Pandas - get_dummies() method
In Pandas, the get_dummies() function converts categorical variables into dummy/indicator variables (known as one-hot encoding). This method is especially useful when preparing data for machine learning algorithms that require numeric input.
Syntax: pandas.get_dummies(data, prefix=None, prefix_sep='_', dummy_na=False, columns=None, drop_first=False, dtype=None)
The function returns a DataFrame where each unique category in the original data is converted into a separate column, and the values are represented as True (for presence) or False (for absence).
Encoding a Pandas DataFrame
Let's look at an example of how to use the get_dummies() method to perform one-hot encoding.
import pandas as pd
data = {
'Color': ['Red', 'Blue', 'Green', 'Blue', 'Red'],
'Size': ['Small', 'Large', 'Medium', 'Small', 'Large']
}
df = pd.DataFrame(data)
print('Original DataFrame')
display(df)
# Perform one-hot encoding
df_encoded = pd.get_dummies(df)
print('\n DataFrame after performing One-hot Encoding')
display(df_encoded)
Output:
In the output, each unique category in the Color and Size columns has been transformed into a separate binary (True or False) column. The new columns indicate whether the respective category is present in each row.
To get, the output as 0 and 1, instead of True and False, you can set the data type (dtype) as 'float' or 'int'.
# Perform one-hot encoding
df_encoded = pd.get_dummies(df, dtype = int)
print('\n DataFrame after performing One-hot Encoding')
display(df_encoded)
Output:
Encoding a Pandas Series
import pandas as pd
# Series with days of the week
days = pd.Series(['Monday', 'Tuesday', 'Wednesday', 'Thursday', 'Friday', 'Monday'])
print(pd.get_dummies(days, dtype='int'))
Output
Friday Monday Thursday Tuesday Wednesday 0 0 1 0 0 0 1 0 0 0 1 0 2 0 0 0 0 1 3 ...
In this example, each unique day of the week is transformed into a dummy variable, where a 1 indicates the presence of that day.
Converting NaN Values into a Dummy Variable
The dummy_na=True option can be used when dealing with missing values.
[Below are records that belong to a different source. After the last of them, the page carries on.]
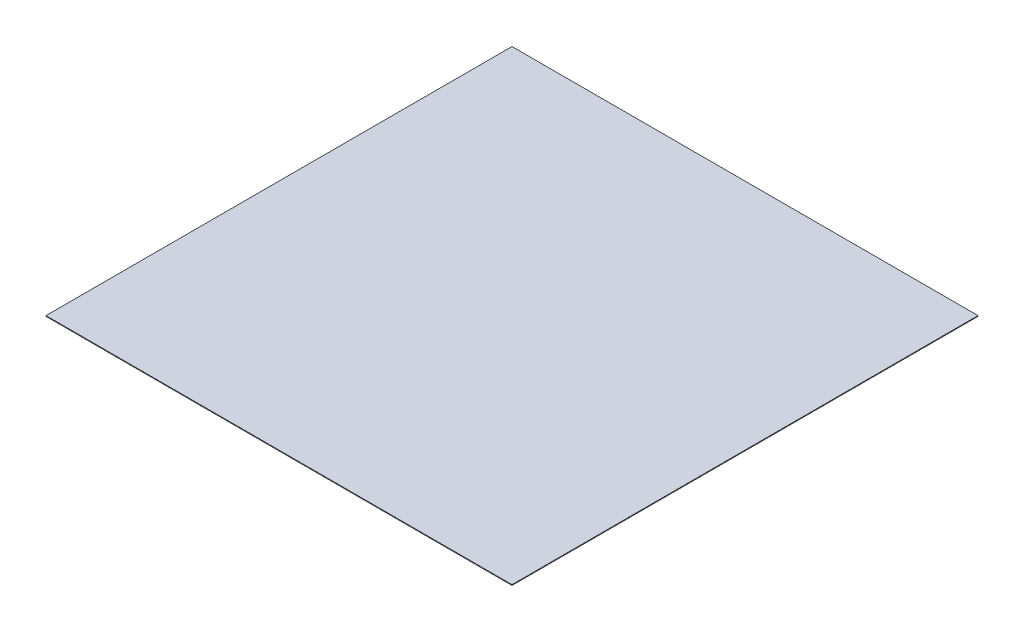
from build123d import *

# Parameters (mm, degrees)
SKETCH1_W           = 1325
SKETCH1_H           = 1325
BOSS_EXTRUDE1_DEPTH = 2


with BuildPart() as part:
    # Sketch1 → Boss-Extrude1 (new body)
    with BuildSketch(Plane(origin=(0, 0, 0), x_dir=(1, 0, 0), z_dir=(0, 1, 0))):
        Rectangle(SKETCH1_W, SKETCH1_H)
    extrude(amount=BOSS_EXTRUDE1_DEPTH)


solid = part.part
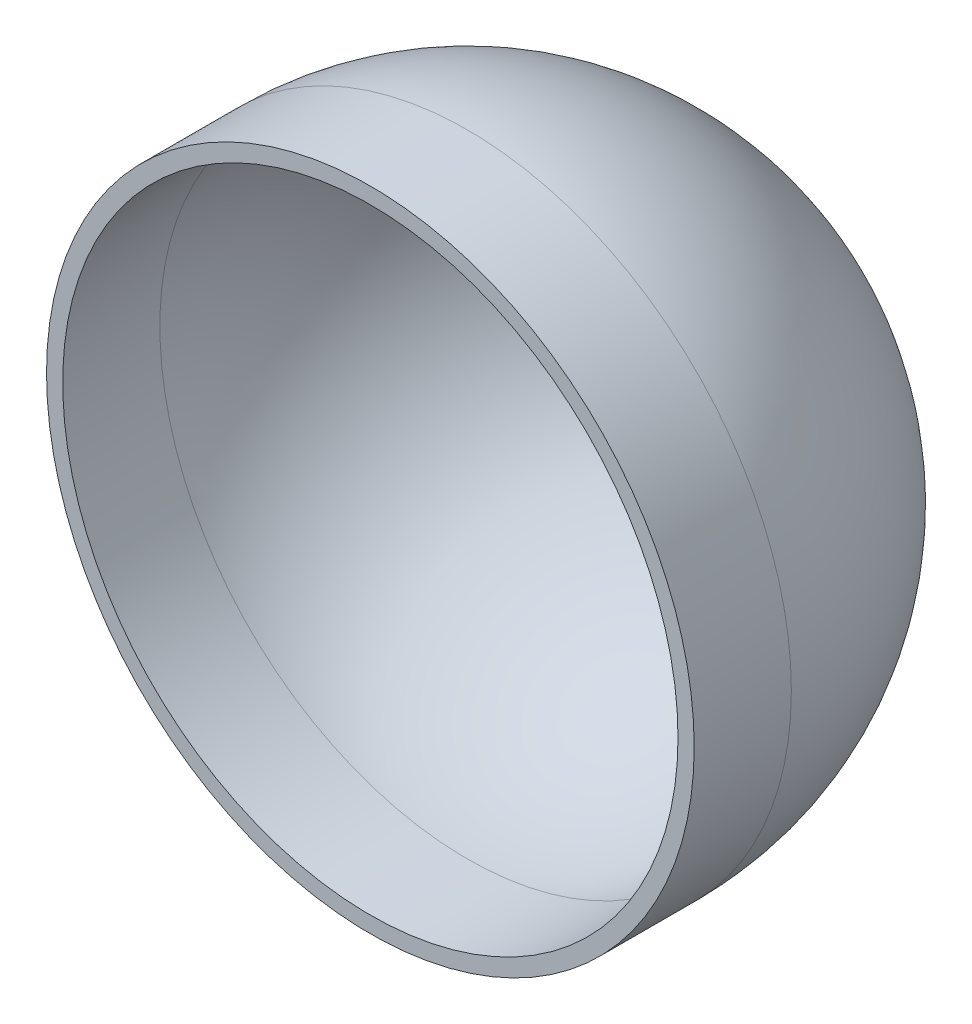
from build123d import *

# Parameters (mm, degrees)
SKETCH_4_R      = 100
SKETCH_4_R_2    = 95
EXTRUDE_1_DEPTH = 30


with BuildPart() as part:
    # 草图2 → 旋转1 (revolve)
    with BuildSketch(Plane(origin=(0, 0, 0), x_dir=(1, 0, 0), z_dir=(0, 1, 0))):
        with BuildLine():
            Line((100, 0), (95, 0))
            ThreePointArc((95, 0), (67.175144213, 67.175144213), (0, 95))
            Line((0, 95), (0, 100))
            ThreePointArc((0, 100), (70.710678119, 70.710678119), (100, 0))
        make_face()
    revolve(axis=Axis((0, 0, -95), (0, 0, -1)))

    # 草图4 → 凸台-拉伸1 (add)
    with BuildSketch(Plane.XY):
        Circle(SKETCH_4_R)
        Circle(SKETCH_4_R_2, mode=Mode.SUBTRACT)
    extrude(amount=EXTRUDE_1_DEPTH)


solid = part.part
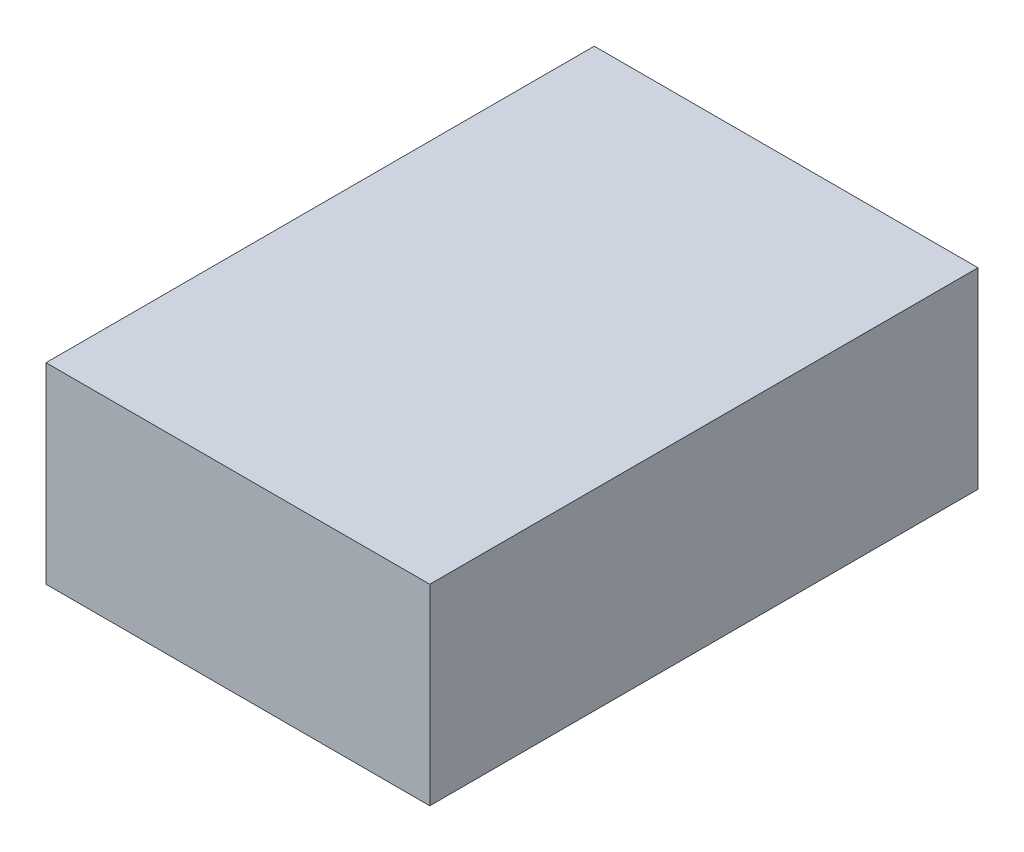
from build123d import *

# Parameters (mm, degrees)
SKETCH_1_W      = 100
SKETCH_1_H      = 35
EXTRUDE_1_DEPTH = 70


with BuildPart() as part:
    # 草图1 → 凸台-拉伸1 (new body)
    with BuildSketch(Plane(origin=(0, 0, 0), x_dir=(0, 0, -1), z_dir=(1, 0, 0))):
        with Locations((9.560067682, 19.615059222)):
            Rectangle(SKETCH_1_W, SKETCH_1_H)
    extrude(amount=EXTRUDE_1_DEPTH)


solid = part.part
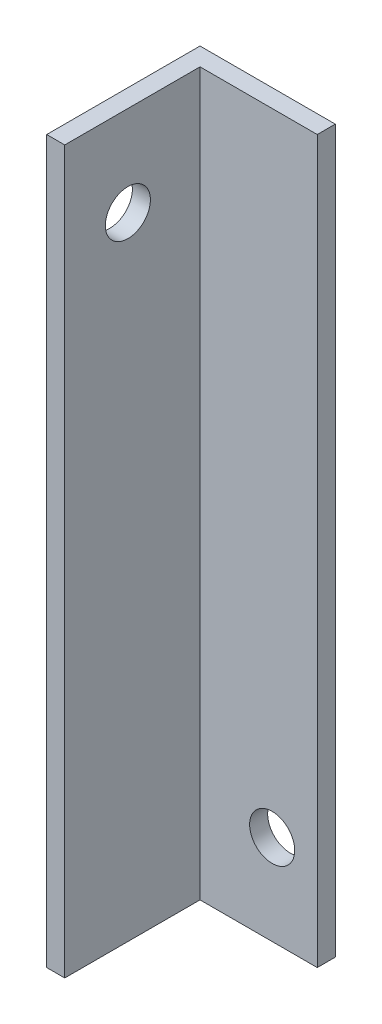
from build123d import *

# Parameters (mm, degrees)
ESQUISSE1_W             = 15
ESQUISSE1_H             = 80
BOSS_EXTRU_1_DEPTH      = 2
ESQUISSE2_W             = 2
ESQUISSE2_H             = 80
BOSS_EXTRU_2_DEPTH      = 15
ESQUISSE3_R             = 2.5
ENL_V_MAT_EXTRU_1_DEPTH = 20
ESQUISSE4_R             = 2.5
ENL_V_MAT_EXTRU_2_DEPTH = 20


with BuildPart() as part:
    # Esquisse1 → Boss.-Extru.1 (new body)
    with BuildSketch(Plane.XY):
        with Locations((7.5, -40)):
            Rectangle(ESQUISSE1_W, ESQUISSE1_H)
    extrude(amount=BOSS_EXTRU_1_DEPTH)

    # Esquisse2 → Boss.-Extru.2 (add)
    with BuildSketch(Plane.XY.offset(2)):
        with Locations((1, -40)):
            Rectangle(ESQUISSE2_W, ESQUISSE2_H)
    extrude(amount=BOSS_EXTRU_2_DEPTH)

    # Esquisse3 → Enlèv. mat.-Extru.1 (cut)
    with BuildSketch(Plane.XY.offset(2)):
        with Locations((10, -70)):
            Circle(ESQUISSE3_R)
    extrude(amount=-ENL_V_MAT_EXTRU_1_DEPTH, mode=Mode.SUBTRACT)

    # Esquisse4 → Enlèv. mat.-Extru.2 (cut)
    with BuildSketch(Plane.ZY):
        with Locations(Location((10, -10, 0), (0, 0, 270))):
            Circle(ESQUISSE4_R)
    extrude(amount=-ENL_V_MAT_EXTRU_2_DEPTH, mode=Mode.SUBTRACT)


solid = part.part
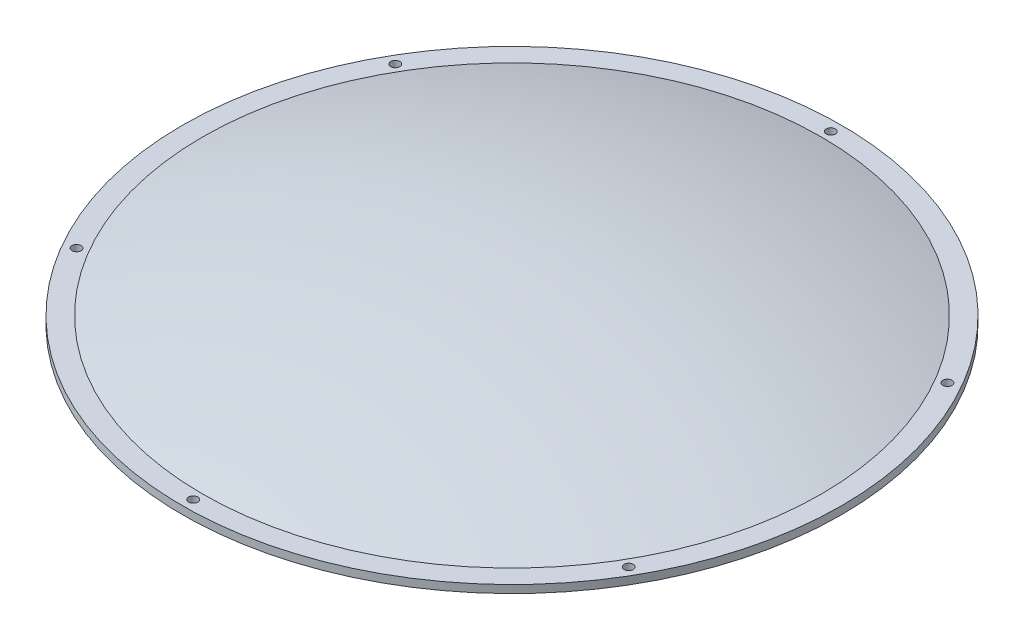
from build123d import *

# Parameters (mm, degrees)
SKETCH4_R          = 1.4732
CUT_EXTRUDE1_DEPTH = 153.597454552


with BuildPart() as part:
    # Sketch1 → Revolve1 (revolve)
    with BuildSketch(Plane.XY):
        with BuildLine():
            ThreePointArc((100.434849632, 285.382712475), (50.944900471, 298.219832868), (0, 302.54))
            Line((0, 302.54), (0, 300))
            ThreePointArc((0, 300), (50.730593618, 295.679567896), (100, 282.842712475))
            Line((100, 282.842712475), (107, 282.842712475))
            Line((107, 282.842712475), (107, 285.382712475))
            Line((107, 285.382712475), (100.434849632, 285.382712475))
        make_face()
    revolve(axis=Axis((0, 282.842712475, 0), (0, -1, 0)))

    # Sketch4 → Cut-Extrude1 (cut, through all)
    with BuildSketch(Plane.XZ.offset(-282.842712475)):
        with Locations((0, 103.5)):
            Circle(SKETCH4_R)
        with Locations((89.633629292, 51.75)):
            Circle(SKETCH4_R)
        with Locations((89.633629292, -51.75)):
            Circle(SKETCH4_R)
        with Locations((0, -103.5)):
            Circle(SKETCH4_R)
        with Locations((-89.633629292, -51.75)):
            Circle(SKETCH4_R)
        with Locations((-89.633629292, 51.75)):
            Circle(SKETCH4_R)
    extrude(amount=-CUT_EXTRUDE1_DEPTH, mode=Mode.SUBTRACT)


solid = part.part

It creates a separate column indicating whether the value is missing or not.
import pandas as pd
import numpy as np
# List with color categories and NaN
colors = ['Red', 'Blue', 'Green', np.nan, 'Red', 'Blue']
print(pd.get_dummies(colors, dummy_na=True, dtype='int'))
Output
Blue Green Red NaN 0 0 0 1 0 1 1 0 0 0 2 0 1 0 0 3 0 0 0 1 4 0 0 1 0 5 1 0 0 0
The dummy_na=True parameter adds a column for missing values (NaN), indicating where the NaN values were originally present.